GDPR also extends the Freedom of Information, making it a legal requirement that companies show any customer the records that they hold pertinent to them. The £10 access fee will go, and the information must be presented to the customer in a timely manner, but certainly in no more than one month. If all PII data is in structured, highly controlled locations then this is relatively simple – but past experience tells us that this is rarely the case. Being able to find all data relating to an individual across multiple unstructured data sources is an essential requirement.
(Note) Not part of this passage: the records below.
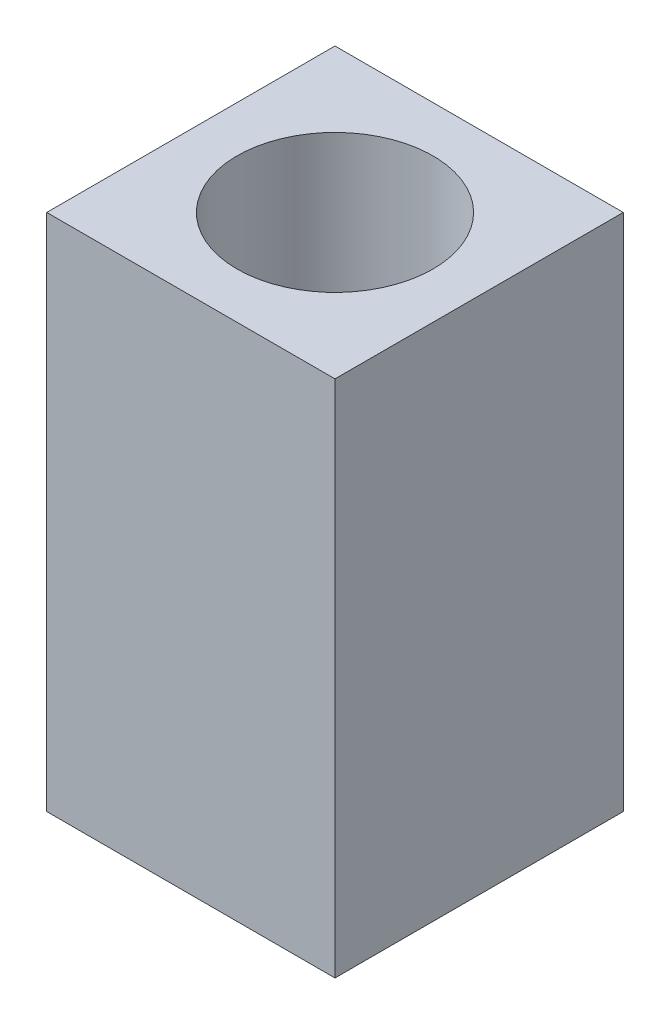
from build123d import *

# Parameters (mm, degrees)
SKETCH1_W           = 5
SKETCH1_H           = 5
SKETCH1_R           = 1.7
BOSS_EXTRUDE1_DEPTH = 9


with BuildPart() as part:
    # Sketch1 → Boss-Extrude1 (new body)
    with BuildSketch(Plane(origin=(0, 0, 0), x_dir=(1, 0, 0), z_dir=(0, 1, 0))):
        Rectangle(SKETCH1_W, SKETCH1_H)
        Circle(SKETCH1_R, mode=Mode.SUBTRACT)
    extrude(amount=BOSS_EXTRUDE1_DEPTH)


solid = part.part
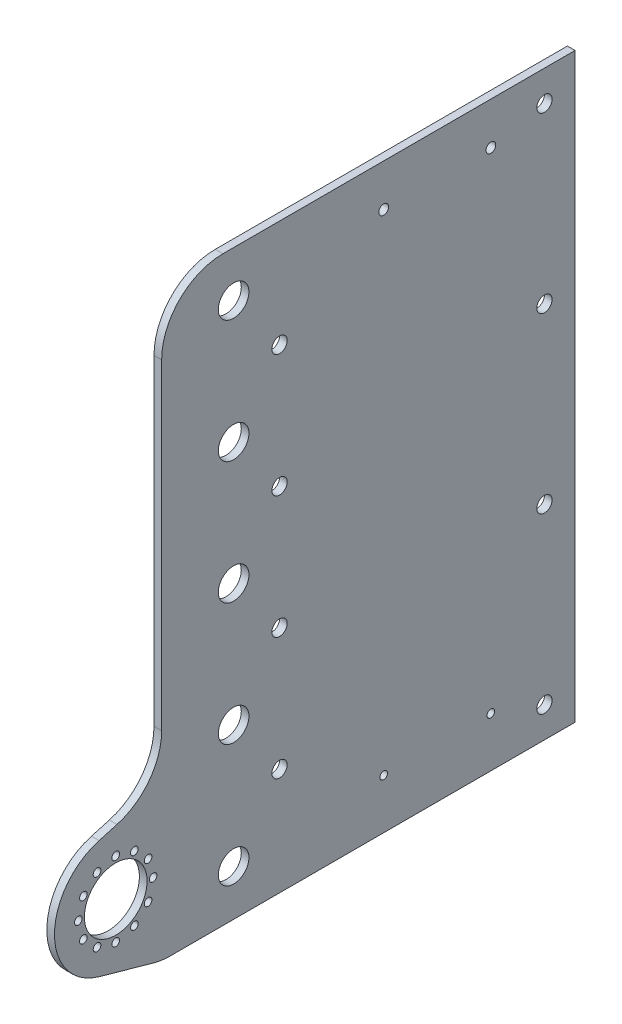
from build123d import *

# Parameters (mm, degrees)
BOSS_EXTRUDE1_DEPTH = 3.175
SKETCH2_R           = 3.175
SKETCH2_R_2         = 6.35
SKETCH2_R_3         = 13
SKETCH2_R_4         = 1.5875
SKETCH2_R_5         = 2.032
CUT_EXTRUDE1_DEPTH  = 4.175
FILLET1_R           = 25.4


with BuildPart() as part:
    # Sketch1 → Boss-Extrude1 (new body)
    with BuildSketch(Plane(origin=(0, 0, 0), x_dir=(0, 0, -1), z_dir=(1, 0, 0))):
        with BuildLine():
            Line((-85.725, -120.65), (-111.65780492, -113.349682952))
            ThreePointArc((-111.65780492, -113.349682952), (-130.175, -88.9), (-111.65780492, -64.450317048))
            Line((-111.65780492, -64.450317048), (-85.725, -57.15))
            Line((-85.725, -57.15), (-85.725, 120.65))
            Line((-85.725, 120.65), (85.725, 120.65))
            Line((85.725, 120.65), (85.725, -120.65))
            Line((85.725, -120.65), (-85.725, -120.65))
        make_face()
    extrude(amount=BOSS_EXTRUDE1_DEPTH)

    # Sketch2 → Cut-Extrude1 (cut, through all)
    with BuildSketch(Plane(origin=(3.175, 0, 0), x_dir=(0, 0, -1), z_dir=(1, 0, 0))):
        with Locations((73.025, -107.95)):
            Circle(SKETCH2_R)
        with Locations((73.025, -35.983333333)):
            Circle(SKETCH2_R)
        with Locations((73.025, 35.983333333)):
            Circle(SKETCH2_R)
        with Locations((73.025, 107.95)):
            Circle(SKETCH2_R)
        with Locations((-55.88, -101.6)):
            Circle(SKETCH2_R_2)
        with Locations((-55.88, -50.8)):
            Circle(SKETCH2_R_2)
        with Locations((-55.88, 0)):
            Circle(SKETCH2_R_2)
        with Locations((-55.88, 50.8)):
            Circle(SKETCH2_R_2)
        with Locations((-55.88, 101.6)):
            Circle(SKETCH2_R_2)
        with Locations((-36.83, -76.2)):
            Circle(SKETCH2_R)
        with Locations((-36.83, -25.4)):
            Circle(SKETCH2_R)
        with Locations((-36.83, 25.4)):
            Circle(SKETCH2_R)
        with Locations((-36.83, 76.2)):
            Circle(SKETCH2_R)
        with Locations((-104.775, -88.9)):
            Circle(SKETCH2_R_3)
        with Locations((-104.775, -73.4)):
            Circle(SKETCH2_R_4)
        with Locations((-97.025, -75.476606241)):
            Circle(SKETCH2_R_4)
        with Locations((-91.351606241, -81.15)):
            Circle(SKETCH2_R_4)
        with Locations((-89.275, -88.9)):
            Circle(SKETCH2_R_4)
        with Locations((-91.351606241, -96.65)):
            Circle(SKETCH2_R_4)
        with Locations((-97.025, -102.323393759)):
            Circle(SKETCH2_R_4)
        with Locations((-104.775, -104.4)):
            Circle(SKETCH2_R_4)
        with Locations((-112.525, -102.323393759)):
            Circle(SKETCH2_R_4)
        with Locations((-118.198393759, -96.65)):
            Circle(SKETCH2_R_4)
        with Locations((-120.275, -88.9)):
            Circle(SKETCH2_R_4)
        with Locations((-118.198393759, -81.15)):
            Circle(SKETCH2_R_4)
        with Locations((-112.525, -75.476606241)):
            Circle(SKETCH2_R_4)
        with Locations((6.35, 103.1875)):
            Circle(SKETCH2_R_5)
        with Locations((50.8, 103.1875)):
            Circle(SKETCH2_R_5)
        with Locations((50.8, -100.0125)):
            Circle(SKETCH2_R_4)
        with Locations((6.35, -100.0125)):
            Circle(SKETCH2_R_4)
    extrude(amount=-CUT_EXTRUDE1_DEPTH, mode=Mode.SUBTRACT)

    # Fillet1
    fillet1_edges = [part.edges().sort_by_distance(p)[0] for p in [
        (1.5875, -120.65, 85.725),
        (1.5875, -57.15, 85.725),
        (1.5875, 120.65, 85.725),
    ]]
    fillet(fillet1_edges, radius=FILLET1_R)


solid = part.part
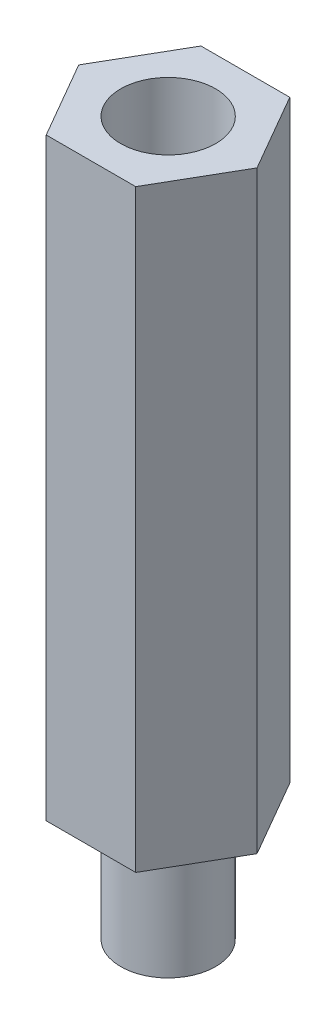
from build123d import *

# Parameters (mm, degrees)
SKETCH_1_R      = 4
EXTRUDE_1_DEPTH = 50
SKETCH_2_R      = 4
EXTRUDE_2_DEPTH = 10


with BuildPart() as part:
    # 草图1 → 凸台-拉伸1 (new body)
    with BuildSketch(Plane(origin=(0, 0, 0), x_dir=(1, 0, 0), z_dir=(0, 1, 0))):
        Polygon((-3.041910015, 3.990808824), (4.434714707, 3.990808824), (8.201955845, -2.534244233), (4.463643484, -9.009191176), (-3.070838793, -9.009191176), (-6.809151154, -2.534244233), align=None)
        with Locations((0.696402346, -2.509191176)):
            Circle(SKETCH_1_R, mode=Mode.SUBTRACT)
    extrude(amount=EXTRUDE_1_DEPTH)


with BuildPart() as body_2:
    # 草图2 → 凸台-拉伸2 (new body)
    with BuildSketch(Plane.XZ):
        with Locations((0.696402346, 2.509191176)):
            Circle(SKETCH_2_R)
    extrude(amount=EXTRUDE_2_DEPTH)


solid = Compound([part.part, body_2.part])

Reciprocal Group Services for GDPR

Reciprocal Secure Data Analytics (RSDA) provides an innovative and comprehensive service that will help your organisation to be compliant.
It does this through three key phases;

Discover

The DISCOVER phase is where you search for your organisation’s sensitive information. You need to index files stored in any format from sources like cloud, file shares and mail servers. You need to locate passwords, customer information, credit cards, salary details and company confidential records. The process starts by ingesting data from all your unstructured data sources, be that Dropbox, CIFS file shares, Exchange server, Office 365 or SharePoint. Within half an hour of the ingest starting, it is possible to start querying some data.

Understand

The UNDERSTAND phase is where you drill down into the detail of all the indexed documents, assessing the what, where, who and why of your organisation’s information. Identify content, intent, sentiment and spot sensitive information across millions of documents. Profile your sensitive, legislative, regulatory and potentially out-of-date information. Tag specific documents for subsequent action.

Act

Finally, you need to ACT on this information. Monitor or push actions to data owners and business systems such as Classify, Modify, Move & Delete. Govern your information estate and enable automated policy enforcement through the use of on-going workflows, making sure that when new data is created which contains PII data that it is stored where it should be, and won’t leave your organisation exposed.

The search capability not only helps you assess your compliance with GDPR, but also gives you an easy way to meet the requirement to show all data that you hold about an individual when requested. And if that individual wishes their data to be removed (their ‘right to anonymity’) then RSDA can detail every specific location in your unstructured data stores where that data is.

 

Not only does RSDA provide the technology to crawl, index and search your data, but also gives you options for what to do when information is found that is in the wrong place.

For instance, our advanced NAS migrations can be used to move data on a file-by-file level from an older data stored to a new, encrypted and protected storage system. Equally, once data has been moved, it is also necessary to ensure that it doesn’t fall into the wrong hands. Our secure data erasure services are extended for RSDA, allowing not just entire servers, disks or LUNs to be erased, but can securely erase specific data on Windows File Servers right down to the individual file level.

 

RSDA provides the most complete set of tools, enabling you to become GDPR compliant, and stay compliant.